• EXERCISE
Each line in the material below, starting at the one that contains "settings SimEventsCC: propDiagAttribOutput=1" and ending at the one that contains "Job Generation : Subsystem", should be repeated exactly; the pictures should not.

• SUPPLIED MATERIAL
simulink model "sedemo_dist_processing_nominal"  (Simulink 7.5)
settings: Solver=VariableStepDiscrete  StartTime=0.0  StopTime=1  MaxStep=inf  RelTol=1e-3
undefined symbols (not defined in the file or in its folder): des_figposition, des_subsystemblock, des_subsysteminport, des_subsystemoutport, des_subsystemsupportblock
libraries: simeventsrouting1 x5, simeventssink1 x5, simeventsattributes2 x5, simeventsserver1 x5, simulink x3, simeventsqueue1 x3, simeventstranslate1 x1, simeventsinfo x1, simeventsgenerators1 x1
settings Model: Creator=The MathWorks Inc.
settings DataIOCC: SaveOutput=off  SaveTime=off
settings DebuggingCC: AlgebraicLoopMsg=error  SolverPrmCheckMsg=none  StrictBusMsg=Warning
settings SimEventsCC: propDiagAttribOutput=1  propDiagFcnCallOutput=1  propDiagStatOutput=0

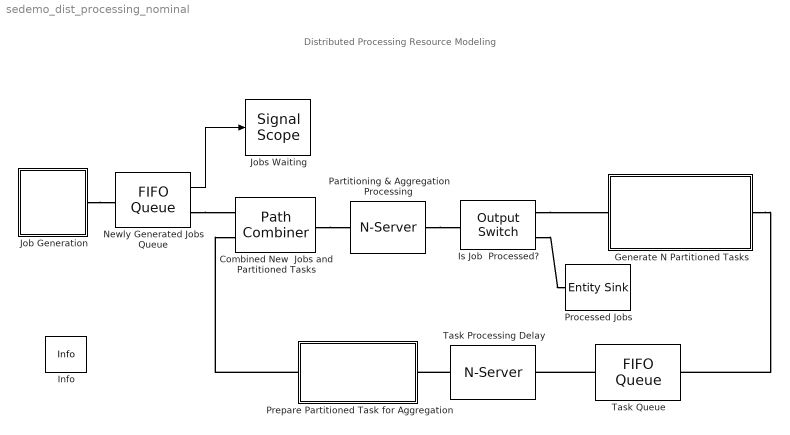
== system sedemo_dist_processing_nominal ==
  note: Distributed Processing Resource Modeling
  Combined New  Jobs and Partitioned Tasks : simeventsrouting1/Path Combiner  Priority=1  SystemSampleTime=-1  NumberInputPorts=2  InputPortPrecedence=IN1 port  InitialSeed=45675  SpecifyEventPriority=off  PriorityPathCombinerPortPrecedenceSelection=4100  StatNumberDeparted=Off  StatLastArrivalPort=Off  EvaluatedNumPorts=2
  Generate N Partitioned Tasks : Subsystem
  Info : simeventsinfo/Info  SystemSampleTime=-1
  Is Job  Processed? : simeventsrouting1/Output Switch  Priority=1  SystemSampleTime=-1  NumberOutputPorts=2  SwitchingCriterion=From attribute  InitialSeed=34567  AttributeName=Aggregation_Flag  InitialConditionsOpt=off  InitialConditions=1  EntityBufferOpt=off  SpecifyEventPriority=off  PriorityOutputSwitchSelectPort=4100  TimeoutPortOpt=off  StatNumberDeparted=Off  StatNumberTimedOut=Off  StatPendingEntity=Off  StatLastDeparturePort=Off  EvaluatedNumPorts=2
  Job Generation : Subsystem
  Jobs Waiting : simeventssink1/Signal Scope  Priority=1  SystemSampleTime=-1  PlotType=Stair  InputType=Signal  NumInputs=1  AttributeNameY=Count  XInputOptionSignal=Event time  XInputOptionEntity=Event time  AttributeNameX=Count  EnableEntityOutport=on  XMin=0  XMax=1  XLimitExceededOption=Stretch axis limits  YLimitExceededOption=Stretch axis limits  AxisGrid=on  AxisLegend=off  LineDisables=""  LineColors=[1 0 0]  LineStyles=-  LineMarkers=.  OpenScopeAtSimStart=on  Title=Jobs Waiting In Queue  YLabel=""  XLabel=Time  FigurePosition=des_figposition([35,7,30,30]);  AxisZoom=off  DataStoreOption=Limited  DataPointsLimit=10000  StatNumberArrived=Off  ShowCountPlotted=off  ShowToolbar=on
      settings: YMin=0  YMax=10
  Newly Generated Jobs Queue : simeventsqueue1/FIFO Queue  Priority=1  SystemSampleTime=-1  Capacity=inf  EnableTOPort=off  StatNumberDeparted=Off  StatNumberInBlock=On  StatPendingEntity=Off  StatAverageWait=Off  StatAverageQueueLength=Off  StatNumberTimedout=Off
  Partitioning & Aggregation Processing : simeventsserver1/N-Server  Priority=1  SystemSampleTime=-1  NumberOfServers=1  ServiceTimeFrom=Attribute  ServiceTime=1  AttributeName=Partitioning_Time  PriorityServiceCompletion=500  EnableTOPort=off  StatNumberDeparted=Off  StatNumberInBlock=Off  StatPendingEntity=Off  StatNumberPending=Off  StatAverageWait=Off  StatUtilization=Off  StatNumberTimedout=Off
      settings: AttributesFormatString=# of Servers = %<NumberOfServers>
  Prepare Partitioned Task for Aggregation : Subsystem
  Processed Jobs : simeventssink1/Entity Sink  Priority=1  SystemSampleTime=-1  AvailableForArrivals=on  StatNumberArrived=Off
  Task Processing Delay : simeventsserver1/N-Server  Priority=1  SystemSampleTime=-1  NumberOfServers=128  ServiceTimeFrom=Attribute  ServiceTime=1  AttributeName=Processing_Time  PriorityServiceCompletion=500  EnableTOPort=off  StatNumberDeparted=Off  StatNumberInBlock=Off  StatPendingEntity=Off  StatNumberPending=Off  StatAverageWait=Off  StatUtilization=Off  StatNumberTimedout=Off
      settings: AttributesFormatString=# of Servers = %<NumberOfServers>
  Task Queue : simeventsqueue1/FIFO Queue  Priority=1  SystemSampleTime=-1  Capacity=128  EnableTOPort=off  StatNumberDeparted=Off  StatNumberInBlock=Off  StatPendingEntity=Off  StatAverageWait=Off  StatAverageQueueLength=Off  StatNumberTimedout=Off
      settings: AttributesFormatString=Queue Length = %<Capacity>
  wires:
  Newly Generated Jobs Queue/1 -> Jobs Waiting/1
  connections:
  Task Queue/RConn1 -- Task Processing Delay/LConn1
  Prepare Partitioned Task for Aggregation/RConn1 -- Combined New  Jobs and Partitioned Tasks/LConn2
  Is Job  Processed?/RConn2 -- Processed Jobs/LConn1
  Generate N Partitioned Tasks/RConn1 -- Task Queue/LConn1
  Combined New  Jobs and Partitioned Tasks/RConn1 -- Partitioning & Aggregation Processing/LConn1
  Task Processing Delay/RConn1 -- Prepare Partitioned Task for Aggregation/LConn1
  Newly Generated Jobs Queue/RConn1 -- Combined New  Jobs and Partitioned Tasks/LConn1
  Partitioning & Aggregation Processing/RConn1 -- Is Job  Processed?/LConn1
  Job Generation/LConn1 -- Newly Generated Jobs Queue/LConn1
  Is Job  Processed?/RConn1 -- Generate N Partitioned Tasks/LConn1

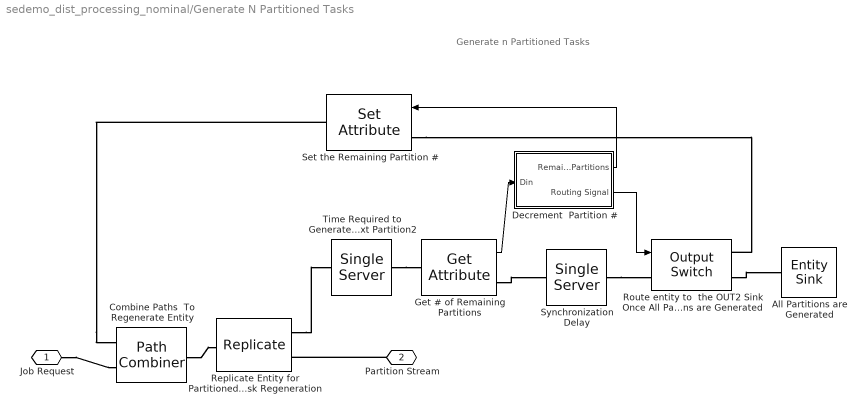
== system sedemo_dist_processing_nominal/Generate N Partitioned Tasks ==
  note: Generate n Partitioned Tasks
  All Partitions are Generated : simeventssink1/Entity Sink  Priority=1  SystemSampleTime=-1  AvailableForArrivals=on  StatNumberArrived=Off
  Combine Paths  To Regenerate Entity : simeventsrouting1/Path Combiner  Priority=1  SystemSampleTime=-1  NumberInputPorts=2  InputPortPrecedence=IN1 port  InitialSeed=45675  SpecifyEventPriority=off  PriorityPathCombinerPortPrecedenceSelection=4100  StatNumberDeparted=Off  StatLastArrivalPort=Off  EvaluatedNumPorts=2
  Decrement  Partition # : Subsystem  LoadFcn=des_subsystemblock(gcb, 'load');  InitFcn=des_subsystemblock(gcb, 'init');  StartFcn=des_subsystemblock(gcb, 'start');  StopFcn=des_subsystemblock(gcb, 'stop');
      settings: CopyFcn=des_subsystemblock(gcb, 'copy');  DeleteFcn=des_subsystemblock(gcb, 'delete');  UndoDeleteFcn=des_subsystemblock(gcb, 'undodelete');  ModelCloseFcn=des_subsystemblock(gcb, 'modelclose');  PreSaveFcn=des_subsystemblock(gcb, 'presave');  NameChangeFcn=des_subsystemblock(gcb, 'namechange');  OpenFcn=des_subsystemblock(gcb, 'open');  ParentCloseFcn=des_subsystemblock(gcb, 'parentclose');  ErrorFcn=des_subsystemerror
      mask Type: Discrete Event Subsystem
      mask Help: helpview(simeventsbhelp);
  Get # of Remaining Partitions : simeventsattributes2/Get Attribute  Priority=1  DialogController=des_ddg_create  DialogControllerArgs=DataTag12  SystemSampleTime=-1  AttributeName=Partition_Count  AttributeMissing=Error  AttributeDefaultValue=0  AttributeSendTiming=After entity departure  AttributeTreatAsVector=1  StatNumberDeparted=Off  EvaluatedDefaultAttributeValue={[]}
  Replicate Entity for Partitioned Task Regeneration : simeventsrouting1/Replicate  Priority=1  SystemSampleTime=-1  NumberOutputPorts=2  ReplicateEntityWhen=All entity output ports are not blocked  OutputPortPrecedence=OUT1 port  InitialSeed=56789  ActionUponBlocking=Discard entity  StatNumberArrived=Off  StatNumberDeparted=Off  EvaluatedNumPorts=2
  Route entity to  the OUT2 Sink Once All Partitions are Generated : simeventsrouting1/Output Switch  Priority=1  SystemSampleTime=-1  NumberOutputPorts=2  SwitchingCriterion=From signal port p  InitialSeed=34567  AttributeName=Attribute1  InitialConditionsOpt=off  InitialConditions=1  EntityBufferOpt=on  SpecifyEventPriority=off  PriorityOutputSwitchSelectPort=4100  TimeoutPortOpt=off  StatNumberDeparted=Off  StatNumberTimedOut=Off  StatPendingEntity=Off  StatLastDeparturePort=Off  EvaluatedNumPorts=2
  Set the Remaining Partition # : simeventsattributes2/Set Attribute  Priority=1  DialogController=des_ddg_create  DialogControllerArgs=DataTag16  SystemSampleTime=-1  AttributeFrom=Signal port  AttributeName=Partition_Count  AttributeTreatAsVector=1  AttributeValue=0  AttributeCreate=on  StatNumberDeparted=Off  EvaluatedAttributeValue={[]}
  Synchronization Delay : simeventsserver1/Single Server  Priority=1  SystemSampleTime=-1  ServiceTimeFrom=Dialog  ServiceTime=0  AttributeName=xyz  PriorityServiceCompletion=500  PermitPreemption=off  SortingAttributeName=PriorityAttributeName  SortingDirection=Ascending  WriteToAttribute=off  ResidualAttributeName=ResidualServiceTime  CreateAttribute=on  EnableTOPort=off  StatNumberDeparted=Off  StatNumberInBlock=Off  StatNumberPreempted=Off  StatPendingEntity=Off  StatAverageWait=Off  StatUtilization=Off  StatNumberTimedout=Off
  Time Required to Generate Next Partition2 : simeventsserver1/Single Server  Priority=1  SystemSampleTime=-1  ServiceTimeFrom=Attribute  ServiceTime=0  AttributeName=Interpartition_Time  PriorityServiceCompletion=500  PermitPreemption=off  SortingAttributeName=PriorityAttributeName  SortingDirection=Ascending  WriteToAttribute=off  ResidualAttributeName=ResidualServiceTime  CreateAttribute=on  EnableTOPort=off  StatNumberDeparted=Off  StatNumberInBlock=Off  StatNumberPreempted=Off  StatPendingEntity=Off  StatAverageWait=Off  StatUtilization=Off  StatNumberTimedout=Off
  Job Request : PMIOPort  Port=1  Side=Left
  Partition Stream : PMIOPort  Port=2  Side=Right
  wires:
  Get # of Remaining Partitions/1 -> Decrement  Partition #/1(Din)
  Decrement  Partition #/2(Routing Signal) -> Route entity to  the OUT2 Sink Once All Partitions are Generated/1
  Decrement  Partition #/1(Remaining Partitions) -> Set the Remaining Partition #/1
  connections:
  Route entity to  the OUT2 Sink Once All Partitions are Generated/RConn2 -- All Partitions are Generated/LConn1
  Combine Paths  To Regenerate Entity/RConn1 -- Replicate Entity for Partitioned Task Regeneration/LConn1
  Partition Stream/RConn1 -- Replicate Entity for Partitioned Task Regeneration/RConn2
  Time Required to Generate Next Partition2/RConn1 -- Get # of Remaining Partitions/LConn1
  Replicate Entity for Partitioned Task Regeneration/RConn1 -- Time Required to Generate Next Partition2/LConn1
  Job Request/RConn1 -- Combine Paths  To Regenerate Entity/LConn2
  Set the Remaining Partition #/RConn1 -- Combine Paths  To Regenerate Entity/LConn1
  Set the Remaining Partition #/LConn1 -- Route entity to  the OUT2 Sink Once All Partitions are Generated/RConn1
  Get # of Remaining Partitions/RConn1 -- Synchronization Delay/LConn1
  Synchronization Delay/RConn1 -- Route entity to  the OUT2 Sink Once All Partitions are Generated/LConn1

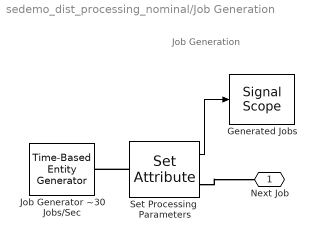
== system sedemo_dist_processing_nominal/Job Generation ==
  note: Job Generation
  Generated Jobs : simeventssink1/Signal Scope  Priority=1  SystemSampleTime=-1  PlotType=Stair  InputType=Signal  NumInputs=1  AttributeNameY=Count  XInputOptionSignal=Event time  XInputOptionEntity=Event time  AttributeNameX=Count  EnableEntityOutport=on  XMin=0  XMax=1  XLimitExceededOption=Stretch axis limits  YLimitExceededOption=Stretch axis limits  AxisGrid=on  AxisLegend=off  LineDisables=""  LineColors=b  LineStyles=-  LineMarkers=.  OpenScopeAtSimStart=on  Title=Generated Jobs  YLabel=""  XLabel=Time  FigurePosition=des_figposition([65,7,30,30]);  AxisZoom=off  DataStoreOption=Limited  DataPointsLimit=10000  StatNumberArrived=Off  ShowCountPlotted=off  ShowToolbar=on
      settings: YMin=0  YMax=10
  Job Generator ~30 Jobs/Sec : simeventsgenerators1/Entity Generators/Time-Based Entity Generator  Priority=1  DialogController=des_ddg_create  DialogControllerArgs=DataTag22  SystemSampleTime=-1  GenerateEntitiesUpon=Intergeneration time from dialog  Distribution=Constant  Minimum=0  Maximum=1  Mean=1  InitialSeed=12345  Period=0.0333  PriorityEntityGeneration=300  GenerateEntityAtSimulationStart=on  ResponseWhenBlocked=Error  ResponseWhenUnblocked=Immediate restart  EntityType=Standard  StatNumberDeparted=Off  StatPendingEntity=Off  StatAverageIntergenerationTime=Off
  Set Processing  Parameters : simeventsattributes2/Set Attribute  Priority=1  DialogController=des_ddg_create  DialogControllerArgs=DataTag24  SystemSampleTime=-1  AttributeFrom=Dialog|Dialog|Dialog|Dialog|Dialog|Dialog  AttributeName=Partition_Count|Partitioning_Time|Processing_Time|Aggregation_Flag|Interpartition_Time|Aggregation_Time  AttributeTreatAsVector=1|1|1|1|1|1  AttributeValue=256|0.0001|0.05|1| .0001|0.00005  AttributeCreate=on  StatNumberDeparted=On  EvaluatedAttributeValue={256;0.0001;0.05;1; .0001;0.00005}
  Next Job : PMIOPort  Port=1  Side=Left
  wires:
  Set Processing  Parameters/1 -> Generated Jobs/1
  connections:
  Set Processing  Parameters/LConn1 -- Job Generator ~30 Jobs/Sec/RConn1
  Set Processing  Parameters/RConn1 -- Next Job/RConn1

• ANSWER BOX
settings SimEventsCC: propDiagAttribOutput=1  propDiagFcnCallOutput=1  propDiagStatOutput=0

== system sedemo_dist_processing_nominal ==
  note: Distributed Processing Resource Modeling
  Combined New  Jobs and Partitioned Tasks : simeventsrouting1/Path Combiner  Priority=1  SystemSampleTime=-1  NumberInputPorts=2  InputPortPrecedence=IN1 port  InitialSeed=45675  SpecifyEventPriority=off  PriorityPathCombinerPortPrecedenceSelection=4100  StatNumberDeparted=Off  StatLastArrivalPort=Off  EvaluatedNumPorts=2
  Generate N Partitioned Tasks : Subsystem
  Info : simeventsinfo/Info  SystemSampleTime=-1
  Is Job  Processed? : simeventsrouting1/Output Switch  Priority=1  SystemSampleTime=-1  NumberOutputPorts=2  SwitchingCriterion=From attribute  InitialSeed=34567  AttributeName=Aggregation_Flag  InitialConditionsOpt=off  InitialConditions=1  EntityBufferOpt=off  SpecifyEventPriority=off  PriorityOutputSwitchSelectPort=4100  TimeoutPortOpt=off  StatNumberDeparted=Off  StatNumberTimedOut=Off  StatPendingEntity=Off  StatLastDeparturePort=Off  EvaluatedNumPorts=2
  Job Generation : Subsystem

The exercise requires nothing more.